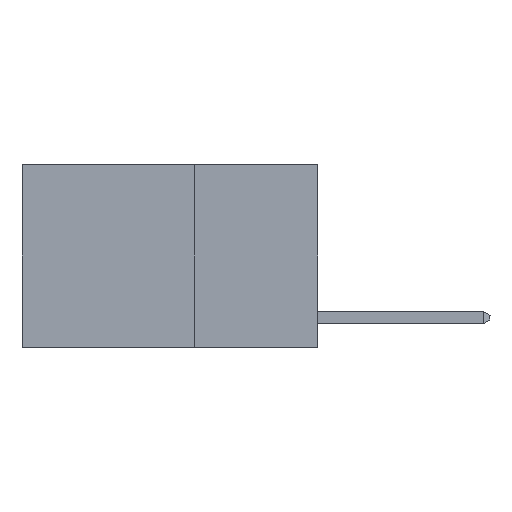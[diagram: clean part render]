
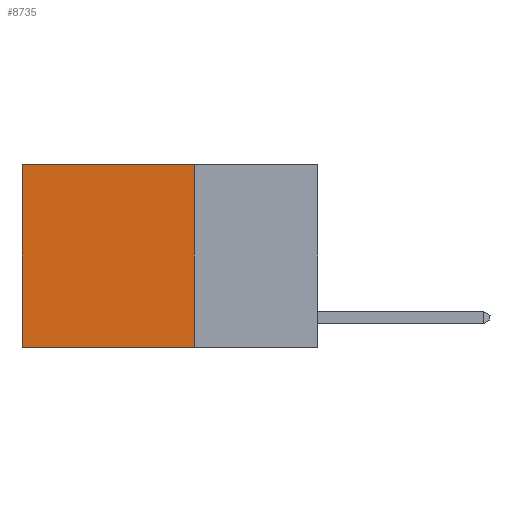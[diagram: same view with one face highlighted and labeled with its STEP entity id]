
A CAD part, left-side view. The second image highlights one B-rep face of the part: STEP entity #8735.
In plain terms, the highlighted planar face has unit normal (-1, 0, 0).
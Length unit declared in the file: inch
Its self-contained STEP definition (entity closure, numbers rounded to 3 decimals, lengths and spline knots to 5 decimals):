
#169 = AXIS2_PLACEMENT_3D ( 'NONE', #6245, #302, #2490 ) ;
#302 = DIRECTION ( 'NONE',  ( 1., 0., 0. ) ) ;
#345 = FACE_OUTER_BOUND ( 'NONE', #408, .T. ) ;
#408 = EDGE_LOOP ( 'NONE', ( #1840, #4958, #8914, #4638 ) ) ;
#1098 = VECTOR ( 'NONE', #1935, 39.37008 ) ;
#1600 = VECTOR ( 'NONE', #4247, 39.37008 ) ;
#1840 = ORIENTED_EDGE ( 'NONE', *, *, #8769, .T. ) ;
#1935 = DIRECTION ( 'NONE',  ( 0., 0., -1. ) ) ;
#2490 = DIRECTION ( 'NONE',  ( 0., 0., -1. ) ) ;
#2700 = LINE ( 'NONE', #8689, #1098 ) ;
#2791 = VECTOR ( 'NONE', #8833, 39.37008 ) ;
#3326 = VERTEX_POINT ( 'NONE', #8154 ) ;
#3464 = VERTEX_POINT ( 'NONE', #6141 ) ;
#4247 = DIRECTION ( 'NONE',  ( 0., 0., -1. ) ) ;
#4433 = VECTOR ( 'NONE', #8688, 39.37008 ) ;
#4638 = ORIENTED_EDGE ( 'NONE', *, *, #7028, .T. ) ;
#4657 = CARTESIAN_POINT ( 'NONE',  ( 0.2625, 0.25, -0.37 ) ) ;
#4782 = PLANE ( 'NONE',  #169 ) ;
#4840 = VERTEX_POINT ( 'NONE', #9551 ) ;
#4936 = CARTESIAN_POINT ( 'NONE',  ( 0.2625, 0.6, 0. ) ) ;
#4958 = ORIENTED_EDGE ( 'NONE', *, *, #8483, .F. ) ;
#4998 = CARTESIAN_POINT ( 'NONE',  ( 0.2625, 0.25, 0. ) ) ;
#5342 = EDGE_CURVE ( 'NONE', #4840, #3464, #8703, .T. ) ;
#6131 = LINE ( 'NONE', #4657, #2791 ) ;
#6141 = CARTESIAN_POINT ( 'NONE',  ( 0.2625, 0.25, -0.37 ) ) ;
#6245 = CARTESIAN_POINT ( 'NONE',  ( 0.2625, 0.25, 0. ) ) ;
#6541 = CARTESIAN_POINT ( 'NONE',  ( 0.2625, 0.25, 0. ) ) ;
#7023 = VERTEX_POINT ( 'NONE', #4936 ) ;
#7028 = EDGE_CURVE ( 'NONE', #4840, #7023, #7938, .T. ) ;
#7938 = LINE ( 'NONE', #6541, #4433 ) ;
#8154 = CARTESIAN_POINT ( 'NONE',  ( 0.2625, 0.6, -0.37 ) ) ;
#8483 = EDGE_CURVE ( 'NONE', #3464, #3326, #6131, .T. ) ;
#8688 = DIRECTION ( 'NONE',  ( 0., 1., 0. ) ) ;
#8689 = CARTESIAN_POINT ( 'NONE',  ( 0.2625, 0.6, 0. ) ) ;
#8703 = LINE ( 'NONE', #4998, #1600 ) ;
#8735 = ADVANCED_FACE ( 'NONE', ( #345 ), #4782, .F. ) ;
#8769 = EDGE_CURVE ( 'NONE', #7023, #3326, #2700, .T. ) ;
#8833 = DIRECTION ( 'NONE',  ( 0., 1., 0. ) ) ;
#8914 = ORIENTED_EDGE ( 'NONE', *, *, #5342, .F. ) ;
#9551 = CARTESIAN_POINT ( 'NONE',  ( 0.2625, 0.25, 0. ) ) ;

**Work to be completed:** Nothing may be altered when you restate the records, but every picture must be dropped.

**Answer:**
[diagram: clean part render]
[diagram: same view with one face highlighted and labeled with its STEP entity id]
A CAD part, left-side view. The second image highlights one B-rep face of the part: STEP entity #8735.
In plain terms, the highlighted planar face has unit normal (-1, 0, 0).
Length unit declared in the file: inch
Its self-contained STEP definition (entity closure, numbers rounded to 3 decimals, lengths and spline knots to 5 decimals):
#169 = AXIS2_PLACEMENT_3D ( 'NONE', #6245, #302, #2490 ) ;
#302 = DIRECTION ( 'NONE',  ( 1., 0., 0. ) ) ;
#345 = FACE_OUTER_BOUND ( 'NONE', #408, .T. ) ;
#408 = EDGE_LOOP ( 'NONE', ( #1840, #4958, #8914, #4638 ) ) ;
#1098 = VECTOR ( 'NONE', #1935, 39.37008 ) ;
#1600 = VECTOR ( 'NONE', #4247, 39.37008 ) ;
#1840 = ORIENTED_EDGE ( 'NONE', *, *, #8769, .T. ) ;
#1935 = DIRECTION ( 'NONE',  ( 0., 0., -1. ) ) ;
#2490 = DIRECTION ( 'NONE',  ( 0., 0., -1. ) ) ;
#2700 = LINE ( 'NONE', #8689, #1098 ) ;
#2791 = VECTOR ( 'NONE', #8833, 39.37008 ) ;
#3326 = VERTEX_POINT ( 'NONE', #8154 ) ;
#3464 = VERTEX_POINT ( 'NONE', #6141 ) ;
#4247 = DIRECTION ( 'NONE',  ( 0., 0., -1. ) ) ;
#4433 = VECTOR ( 'NONE', #8688, 39.37008 ) ;
#4638 = ORIENTED_EDGE ( 'NONE', *, *, #7028, .T. ) ;
#4657 = CARTESIAN_POINT ( 'NONE',  ( 0.2625, 0.25, -0.37 ) ) ;
#4782 = PLANE ( 'NONE',  #169 ) ;
#4840 = VERTEX_POINT ( 'NONE', #9551 ) ;
#4936 = CARTESIAN_POINT ( 'NONE',  ( 0.2625, 0.6, 0. ) ) ;
#4958 = ORIENTED_EDGE ( 'NONE', *, *, #8483, .F. ) ;
#4998 = CARTESIAN_POINT ( 'NONE',  ( 0.2625, 0.25, 0. ) ) ;
#5342 = EDGE_CURVE ( 'NONE', #4840, #3464, #8703, .T. ) ;
#6131 = LINE ( 'NONE', #4657, #2791 ) ;
#6141 = CARTESIAN_POINT ( 'NONE',  ( 0.2625, 0.25, -0.37 ) ) ;
#6245 = CARTESIAN_POINT ( 'NONE',  ( 0.2625, 0.25, 0. ) ) ;
#6541 = CARTESIAN_POINT ( 'NONE',  ( 0.2625, 0.25, 0. ) ) ;
#7023 = VERTEX_POINT ( 'NONE', #4936 ) ;
#7028 = EDGE_CURVE ( 'NONE', #4840, #7023, #7938, .T. ) ;
#7938 = LINE ( 'NONE', #6541, #4433 ) ;
#8154 = CARTESIAN_POINT ( 'NONE',  ( 0.2625, 0.6, -0.37 ) ) ;
#8483 = EDGE_CURVE ( 'NONE', #3464, #3326, #6131, .T. ) ;
#8688 = DIRECTION ( 'NONE',  ( 0., 1., 0. ) ) ;
#8689 = CARTESIAN_POINT ( 'NONE',  ( 0.2625, 0.6, 0. ) ) ;
#8703 = LINE ( 'NONE', #4998, #1600 ) ;
#8735 = ADVANCED_FACE ( 'NONE', ( #345 ), #4782, .F. ) ;
#8769 = EDGE_CURVE ( 'NONE', #7023, #3326, #2700, .T. ) ;
#8833 = DIRECTION ( 'NONE',  ( 0., 1., 0. ) ) ;
#8914 = ORIENTED_EDGE ( 'NONE', *, *, #5342, .F. ) ;
#9551 = CARTESIAN_POINT ( 'NONE',  ( 0.2625, 0.25, 0. ) ) ;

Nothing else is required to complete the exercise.